** Data excerpts follows **
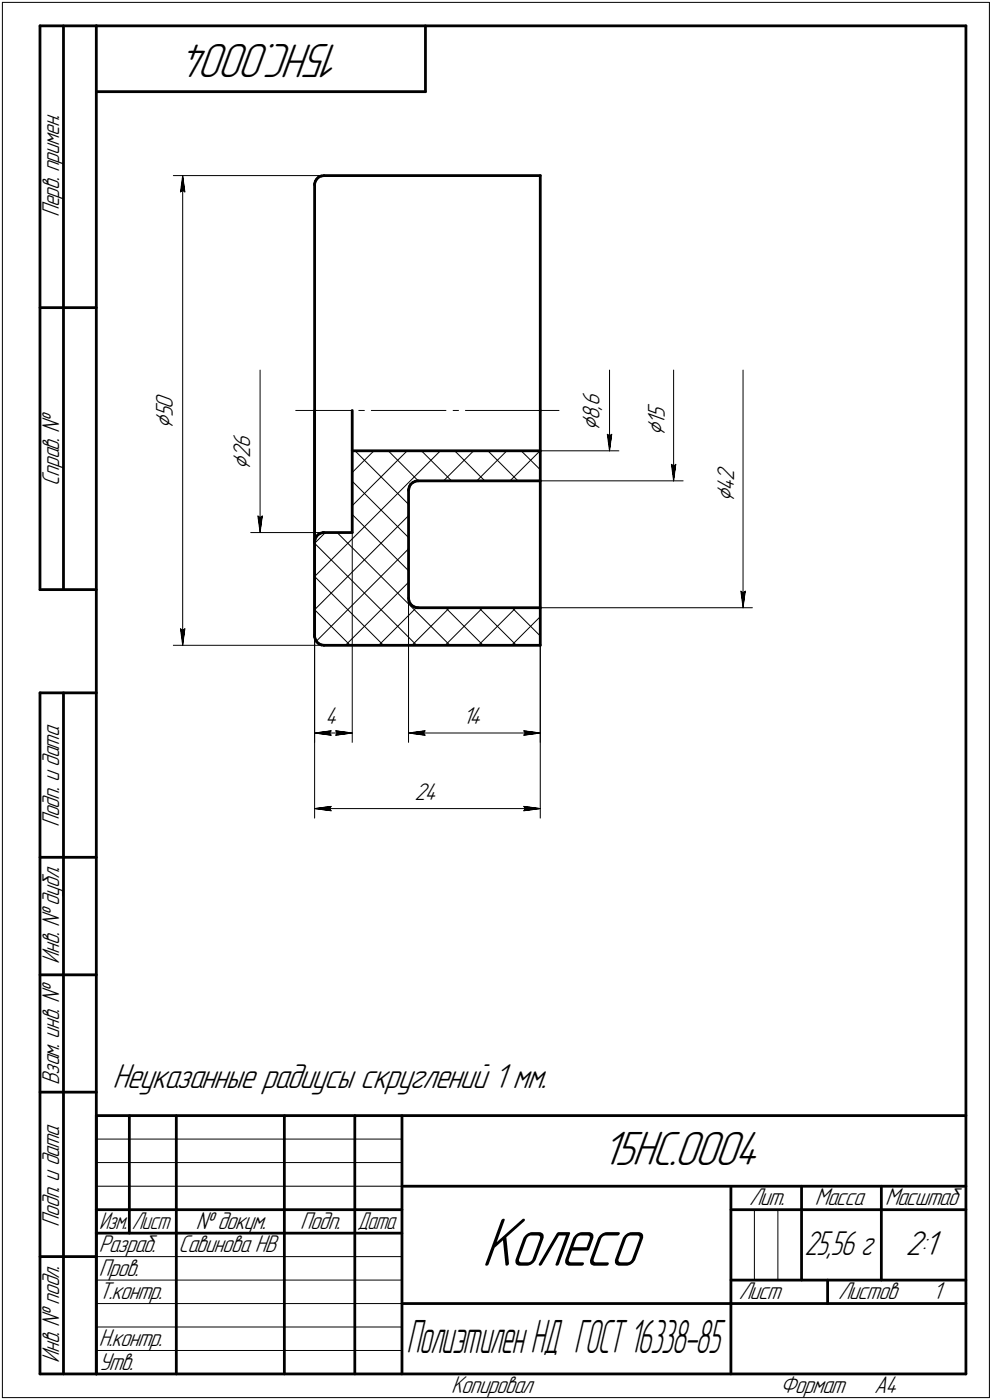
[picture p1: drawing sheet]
<svg xmlns="http://www.w3.org/2000/svg" width="211mm" height="298mm" viewBox="0 0 211 298" stroke-linecap="round" stroke-linejoin="round" font-family="sans-serif">
<g fill="none" stroke="#000" stroke-width=".21">
<path d="M.5 .5v297zM.5 .5h210zM210.5 .5v297zM36.9 37.4h78zM38.9 37.4l.4 3.5zM38.9 37.4l-.5 3.5zM38.9 37.4v100zM38.4 40.9l.5-.4zM38.9 40.5l.4 .4zM55.3 78.8v34.6zM129.7 78.8v17.2zM143.3 78.8v23.6z"/>
<path d="M158.1 78.8v50.6zM62.9 87.4h4zM66.9 99.5v15.9zM66.9 96.8v1.2zM66.9 87.4v7.9zM66.9 87.4h7.9zM75.5 96l11.4 11.4zM76.3 87.4h1.2zM79 87.4h15.9zM82.6 96l6.4 6.4zM89.7 96l6.4 6.4zM96.4 87.4h1.1z"/>
<path d="M96.7 96l6.4 6.4zM99 87.4h15.9zM103.8 96l6.4 6.4zM110.9 96l4 4zM114.9 87.4h4zM114.9 96h16.8zM129.2 92.5l.5 3.5zM129.2 92.5l.5 .3zM129.7 92.8l.4-.3zM130.1 92.5l-.4 3.5zM142.8 98.8l.5 3.6zM142.8 98.8l.5 .4z"/>
<path d="M143.3 99.2l.5-.4zM143.8 98.8l-.5 3.6zM53.3 113.4h15.6zM54.9 109.9l.4 3.5zM54.9 109.9l.4 .3zM55.3 110.2l.5-.3zM55.8 109.9l-.5 3.5zM66.9 115.7l2.3-2.3zM66.9 115.7l21.7 21.7zM71.7 113.4l24 24zM74.9 112.4v45.6zM74.9 107.7l11.7-11.7z"/>
<path d="M74.9 100.6l4.6-4.6zM74.9 102.4l12 12zM74.9 109.5l12 12zM86.9 116.8l-19.6 19.7zM86.9 109.8l-20 20zM94.4 102.4l6.4-6.4zM101.4 102.4l6.4-6.4zM108.5 102.4l6.4-6.4zM114.9 102.4h30.4zM36.9 137.4h78zM38.4 133.9l.5 3.5zM38.4 133.9l.5 .3z"/>
<path d="M38.9 134.2l.4-.3zM39.3 133.9l-.4 3.5zM66.9 135.4v22.6zM66.9 122.7l26.8-26.7zM66.9 122.7l14.7 14.7zM66.9 129.8l7.6 7.6zM66.9 129.4v44.8zM73.5 137.4l13.4-13.4zM80.6 137.4l8-8.1zM86.9 127.4v30.6zM87.6 137.4l8-8zM94.7 137.4l8-8z"/>
<path d="M94.8 129.4l8 8zM101.8 137.4l8-8zM101.9 129.4l8 8zM108.8 137.4l6.1-6.1zM108.9 129.4l6 6zM114.9 129.4v28.6zM114.9 129.4h45.2zM114.9 129.4v44.8zM157.6 125.9l.5 3.5zM157.6 125.9l.5 .3zM158.1 126.2l.4-.3zM158.5 125.9l-.4 3.5z"/>
<path d="M66.9 156l3.5-.4zM66.9 156l3.5 .5zM66.9 156h8zM70.1 156l.3 .5zM70.4 155.6l-.3 .4zM71.4 156.5l3.5-.5zM71.4 155.6l.4 .4zM71.4 155.6l3.5 .4zM71.8 156l-.4 .5zM86.9 156l3.5-.4zM86.9 156l3.5 .5zM86.9 156h28z"/>
<path d="M90.1 156l.3 .5zM90.4 155.6l-.3 .4zM111.4 156.5l3.5-.5zM111.4 155.6l.4 .4zM111.4 155.6l3.5 .4zM111.8 156l-.4 .5zM66.9 172.1l3.5-.4zM66.9 172.1l3.5 .5zM66.9 172.1h48zM70.1 172.1l.3 .5zM70.4 171.7l-.3 .4zM111.4 172.6l3.5-.5z"/>
<path d="M111.4 171.7l.4 .4zM111.4 171.7l3.5 .4zM111.8 172.1l-.4 .5zM20.5 247.5h65zM20.5 252.5h65zM20.5 242.5h65zM160.5 257.5v15zM165.5 257.5v15zM20.5 267.5h65zM20.5 272.5h65zM20.5 277.5h65zM.5 297.5h210z"/>
<path d="M20.5 282.5h65zM20.5 287.5h65z"/>
</g>
<g fill="#000" stroke="#000" stroke-width=".21">
<path d="M38.7 38.4h.2zM38.7 38.4h.2zM38.7 38.4h.2zM38.7 38.5h.2zM38.7 38.5h.2zM38.7 38.6h.2zM38.7 38.6h.2zM38.7 38.7h.2zM38.7 38.7h.2zM38.7 38.7h.2zM38.7 38.8h.2zM38.7 38.8h.2zM38.7 38.9h.2zM38.7 38.9h.2zM38.7 38.9h.2zM38.7 39h.2zM38.7 39h.2zM38.7 39.1h.2zM38.7 39.1h.2zM38.7 39.2h.2zM38.7 39.2h.2zM38.7 39.2h.2zM38.6 39.3h.3zM38.6 39.3h.3zM38.6 39.4h.3zM38.6 39.4h.3zM38.6 39.5h.3zM38.6 39.5h.3zM38.6 39.5h.3zM38.6 39.6h.3zM38.6 39.6h.3zM38.6 39.7h.3zM38.6 39.7h.3zM38.6 39.8h.3zM38.6 39.8h.3zM38.6 39.8h.3zM38.6 39.9h.3zM38.5 39.9h.4zM38.5 40h.4zM38.5 40h.4zM38.5 40h.4zM38.5 40.1h.4zM38.5 40.1h.4zM38.5 40.2h.4zM38.5 40.2h.4zM38.5 40.3h.4zM38.5 40.3h.4zM38.5 40.3h.4zM38.5 40.4h.4zM38.5 40.4h.4zM38.5 40.5h.4zM38.5 40.5h.4zM38.4 40.6h.4zM38.4 40.6h.4zM38.4 40.6h.3zM38.4 40.7h.3zM38.4 40.7h.2z"/>
<path d="M38.9 38h.1zM38.9 38.1h.1zM38.9 38.1h.1zM38.9 38.1h.1zM38.9 38.2h.1zM38.9 38.2h.1zM38.9 38.3h.1zM38.9 38.3h.1zM38.9 38.4h.1zM38.9 38.4h.1zM38.9 38.4h.1zM38.9 38.5h.1zM38.9 38.5h.1zM38.9 38.6h.1zM38.9 38.6h.1zM38.9 38.7h.2zM38.9 38.7h.2zM38.9 38.7h.2zM38.9 38.8h.2zM38.9 38.8h.2zM38.9 38.9h.2zM38.9 38.9h.2zM38.9 38.9h.2zM38.9 39h.2zM38.9 39h.2zM38.9 39.1h.2zM38.9 39.1h.2zM38.9 39.2h.2zM38.9 39.2h.2zM38.9 39.2h.2zM38.9 39.3h.3zM38.9 39.3h.3zM38.9 39.4h.3zM38.9 39.4h.3zM38.9 39.5h.3zM38.9 39.5h.3zM38.9 39.5h.3zM38.9 39.6h.3zM38.9 39.6h.3zM38.9 39.7h.3zM38.9 39.7h.3zM38.9 39.8h.3zM38.9 39.8h.3zM38.9 39.8h.3zM38.9 39.9h.3zM38.9 39.9h.3zM38.9 40h.3zM38.9 40h.3zM38.9 40h.3zM38.9 40.1h.3zM38.9 40.1h.3zM38.9 40.2h.3zM38.9 40.2h.3zM38.9 40.3h.4zM38.9 40.3h.4zM38.9 40.3h.4zM38.9 40.4h.4zM38.9 40.4h.4zM38.9 40.5h.4zM38.9 40.5h.4zM38.9 40.6h.4zM39 40.6h.3zM39.1 40.6h.2zM39.1 40.7h.2zM39.2 40.7h.1z"/>
<path d="M129.2 92.6h.2zM129.2 92.6h.3zM129.2 92.7h.3zM129.2 92.7h.4zM129.2 92.8h.4zM129.3 92.8h.4zM129.3 92.8h.4zM129.3 92.9h.4zM129.3 92.9h.4zM129.3 93h.4zM129.3 93h.4zM129.3 93h.4zM129.3 93.1h.4zM129.3 93.1h.4zM129.3 93.2h.4zM129.3 93.2h.4zM129.3 93.3h.4zM129.3 93.3h.4zM129.3 93.3h.4zM129.3 93.4h.4zM129.4 93.4h.3zM129.4 93.5h.3zM129.4 93.5h.3zM129.4 93.6h.3zM129.4 93.6h.3zM129.4 93.6h.3zM129.4 93.7h.3zM129.4 93.7h.3zM129.4 93.8h.3zM129.4 93.8h.3zM129.4 93.9h.3zM129.4 93.9h.3zM129.4 93.9h.3zM129.4 94h.3zM129.4 94h.3zM129.5 94.1h.2zM129.5 94.1h.2zM129.5 94.1h.2zM129.5 94.2h.2zM129.5 94.2h.2zM129.5 94.3h.2zM129.5 94.3h.2zM129.5 94.4h.2zM129.5 94.4h.2zM129.5 94.4h.2zM129.5 94.5h.2zM129.5 94.5h.2zM129.5 94.6h.2zM129.5 94.6h.2zM129.5 94.7h.2zM129.5 94.7h.2zM129.5 94.7h.2zM129.5 94.8h.2zM129.5 94.8h.2zM129.5 94.9h.2zM129.5 94.9h.2zM129.5 95h.2zM129.5 95h.2z"/>
<path d="M130 92.6h.1zM129.9 92.6h.2zM129.9 92.7h.2zM129.8 92.7h.3zM129.8 92.8h.3zM129.7 92.8h.4zM129.7 92.8h.4zM129.7 92.9h.4zM129.7 92.9h.4zM129.7 93h.4zM129.7 93h.4zM129.7 93h.4zM129.7 93.1h.4zM129.7 93.1h.3zM129.7 93.2h.3zM129.7 93.2h.3zM129.7 93.3h.3zM129.7 93.3h.3zM129.7 93.3h.3zM129.7 93.4h.3zM129.7 93.4h.3zM129.7 93.5h.3zM129.7 93.5h.3zM129.7 93.6h.3zM129.7 93.6h.3zM129.7 93.6h.3zM129.7 93.7h.3zM129.7 93.7h.3zM129.7 93.8h.3zM129.7 93.8h.3zM129.7 93.9h.3zM129.7 93.9h.3zM129.7 93.9h.3zM129.7 94h.3zM129.7 94h.3zM129.7 94.1h.2zM129.7 94.1h.2zM129.7 94.1h.2zM129.7 94.2h.2zM129.7 94.2h.2zM129.7 94.3h.2zM129.7 94.3h.2zM129.7 94.4h.2zM129.7 94.4h.2zM129.7 94.4h.2zM129.7 94.5h.2zM129.7 94.5h.2zM129.7 94.6h.2zM129.7 94.6h.2zM129.7 94.7h.2zM129.7 94.7h.1zM129.7 94.7h.1zM129.7 94.8h.1zM129.7 94.8h.1zM129.7 94.9h.1zM129.7 94.9h.1zM129.7 95h.1zM129.7 95h.1zM129.7 95h.1zM129.7 95.1h.1zM129.7 95.1h.1zM129.7 95.2h.1zM129.7 95.2h.1zM129.7 95.2h.1zM129.7 95.3h.1z"/>
<path d="M142.9 99h.1zM142.9 99h.1zM142.9 99.1h.2zM142.9 99.1h.3zM142.9 99.1h.3zM142.9 99.2h.4zM142.9 99.2h.4zM142.9 99.3h.4zM142.9 99.3h.4zM142.9 99.4h.4zM142.9 99.4h.4zM142.9 99.4h.4zM142.9 99.5h.4zM143 99.5h.3zM143 99.6h.3zM143 99.6h.3zM143 99.7h.3zM143 99.7h.3zM143 99.7h.3zM143 99.8h.3zM143 99.8h.3zM143 99.9h.3zM143 99.9h.3zM143 99.9h.3zM143 100h.3zM143 100h.3zM143 100.1h.3zM143 100.1h.3zM143 100.2h.3zM143 100.2h.3zM143 100.2h.3zM143 100.3h.3zM143 100.3h.3zM143 100.4h.3zM143 100.4h.3zM143.1 100.5h.2zM143.1 100.5h.2zM143.1 100.5h.2zM143.1 100.6h.2zM143.1 100.6h.2zM143.1 100.7h.2zM143.1 100.7h.2zM143.1 100.8h.2zM143.1 100.8h.2zM143.1 100.8h.2zM143.1 100.9h.2zM143.1 100.9h.2zM143.1 101h.2zM143.1 101h.2zM143.1 101h.2zM143.2 101.1h.1zM143.2 101.1h.1zM143.2 101.2h.1zM143.2 101.2h.1zM143.2 101.3h.1zM143.2 101.3h.1zM143.2 101.3h.1zM143.2 101.4h.1z"/>
<path d="M143.6 99h.2zM143.6 99h.2zM143.5 99.1h.3zM143.5 99.1h.3zM143.4 99.1h.4zM143.4 99.2h.3zM143.3 99.2h.4zM143.3 99.3h.4zM143.3 99.3h.4zM143.3 99.4h.4zM143.3 99.4h.4zM143.3 99.4h.4zM143.3 99.5h.4zM143.3 99.5h.4zM143.3 99.6h.4zM143.3 99.6h.4zM143.3 99.7h.4zM143.3 99.7h.4zM143.3 99.7h.4zM143.3 99.8h.4zM143.3 99.8h.3zM143.3 99.9h.3zM143.3 99.9h.3zM143.3 99.9h.3zM143.3 100h.3zM143.3 100h.3zM143.3 100.1h.3zM143.3 100.1h.3zM143.3 100.2h.3zM143.3 100.2h.3zM143.3 100.2h.3zM143.3 100.3h.3zM143.3 100.3h.3zM143.3 100.4h.3zM143.3 100.4h.3zM143.3 100.5h.3zM143.3 100.5h.3zM143.3 100.5h.3zM143.3 100.6h.3zM143.3 100.6h.3zM143.3 100.7h.3zM143.3 100.7h.3zM143.3 100.8h.3zM143.3 100.8h.2zM143.3 100.8h.2zM143.3 100.9h.2zM143.3 100.9h.2zM143.3 101h.2zM143.3 101h.2zM143.3 101h.2zM143.3 101.1h.2zM143.3 101.1h.2zM143.3 101.2h.2zM143.3 101.2h.2zM143.3 101.3h.2zM143.3 101.3h.2zM143.3 101.3h.2zM143.3 101.4h.2zM143.3 101.4h.1zM143.3 101.5h.1zM143.3 101.5h.1zM143.3 101.6h.1zM143.3 101.6h.1zM143.3 101.6h.1zM143.3 101.7h.1z"/>
<path d="M54.9 110h.2zM54.9 110h.2zM54.9 110.1h.3zM54.9 110.1h.3zM54.9 110.2h.4zM54.9 110.2h.4zM54.9 110.2h.4zM54.9 110.3h.4zM54.9 110.3h.4zM54.9 110.4h.4zM54.9 110.4h.4zM54.9 110.4h.4zM54.9 110.5h.4zM55 110.5h.3zM55 110.6h.3zM55 110.6h.3zM55 110.7h.3zM55 110.7h.3zM55 110.7h.3zM55 110.8h.3zM55 110.8h.3zM55 110.9h.3zM55 110.9h.3zM55 111h.3zM55 111h.3zM55 111h.3zM55 111.1h.3zM55 111.1h.3zM55.1 111.2h.2zM55.1 111.2h.2zM55.1 111.3h.2zM55.1 111.3h.2zM55.1 111.3h.2zM55.1 111.4h.2zM55.1 111.4h.2zM55.1 111.5h.2zM55.1 111.5h.2zM55.1 111.5h.2zM55.1 111.6h.2zM55.1 111.6h.2zM55.1 111.7h.2zM55.1 111.7h.2zM55.1 111.8h.2zM55.2 111.8h.1zM55.2 111.8h.1zM55.2 111.9h.1zM55.2 111.9h.1zM55.2 112h.1zM55.2 112h.1zM55.2 112.1h.1zM55.2 112.1h.1zM55.2 112.1h.1zM55.2 112.2h.1zM55.2 112.2h.1zM55.2 112.3h.1zM55.2 112.3h.1zM55.2 112.4h.1zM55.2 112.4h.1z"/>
** End of Data excerpts **
## Work order
In the data above, find the line with "92.6h.1zM129.9 92.6h.2zM129.9 92.7h.2zM129.8" and the line with "99h.1zM142.9 99h.1zM142.9 99.1h.2zM142.9". Retype both, plus every line between them, exactly.

## Response area
<path d="M130 92.6h.1zM129.9 92.6h.2zM129.9 92.7h.2zM129.8 92.7h.3zM129.8 92.8h.3zM129.7 92.8h.4zM129.7 92.8h.4zM129.7 92.9h.4zM129.7 92.9h.4zM129.7 93h.4zM129.7 93h.4zM129.7 93h.4zM129.7 93.1h.4zM129.7 93.1h.3zM129.7 93.2h.3zM129.7 93.2h.3zM129.7 93.3h.3zM129.7 93.3h.3zM129.7 93.3h.3zM129.7 93.4h.3zM129.7 93.4h.3zM129.7 93.5h.3zM129.7 93.5h.3zM129.7 93.6h.3zM129.7 93.6h.3zM129.7 93.6h.3zM129.7 93.7h.3zM129.7 93.7h.3zM129.7 93.8h.3zM129.7 93.8h.3zM129.7 93.9h.3zM129.7 93.9h.3zM129.7 93.9h.3zM129.7 94h.3zM129.7 94h.3zM129.7 94.1h.2zM129.7 94.1h.2zM129.7 94.1h.2zM129.7 94.2h.2zM129.7 94.2h.2zM129.7 94.3h.2zM129.7 94.3h.2zM129.7 94.4h.2zM129.7 94.4h.2zM129.7 94.4h.2zM129.7 94.5h.2zM129.7 94.5h.2zM129.7 94.6h.2zM129.7 94.6h.2zM129.7 94.7h.2zM129.7 94.7h.1zM129.7 94.7h.1zM129.7 94.8h.1zM129.7 94.8h.1zM129.7 94.9h.1zM129.7 94.9h.1zM129.7 95h.1zM129.7 95h.1zM129.7 95h.1zM129.7 95.1h.1zM129.7 95.1h.1zM129.7 95.2h.1zM129.7 95.2h.1zM129.7 95.2h.1zM129.7 95.3h.1z"/>
<path d="M142.9 99h.1zM142.9 99h.1zM142.9 99.1h.2zM142.9 99.1h.3zM142.9 99.1h.3zM142.9 99.2h.4zM142.9 99.2h.4zM142.9 99.3h.4zM142.9 99.3h.4zM142.9 99.4h.4zM142.9 99.4h.4zM142.9 99.4h.4zM142.9 99.5h.4zM143 99.5h.3zM143 99.6h.3zM143 99.6h.3zM143 99.7h.3zM143 99.7h.3zM143 99.7h.3zM143 99.8h.3zM143 99.8h.3zM143 99.9h.3zM143 99.9h.3zM143 99.9h.3zM143 100h.3zM143 100h.3zM143 100.1h.3zM143 100.1h.3zM143 100.2h.3zM143 100.2h.3zM143 100.2h.3zM143 100.3h.3zM143 100.3h.3zM143 100.4h.3zM143 100.4h.3zM143.1 100.5h.2zM143.1 100.5h.2zM143.1 100.5h.2zM143.1 100.6h.2zM143.1 100.6h.2zM143.1 100.7h.2zM143.1 100.7h.2zM143.1 100.8h.2zM143.1 100.8h.2zM143.1 100.8h.2zM143.1 100.9h.2zM143.1 100.9h.2zM143.1 101h.2zM143.1 101h.2zM143.1 101h.2zM143.2 101.1h.1zM143.2 101.1h.1zM143.2 101.2h.1zM143.2 101.2h.1zM143.2 101.3h.1zM143.2 101.3h.1zM143.2 101.3h.1zM143.2 101.4h.1z"/>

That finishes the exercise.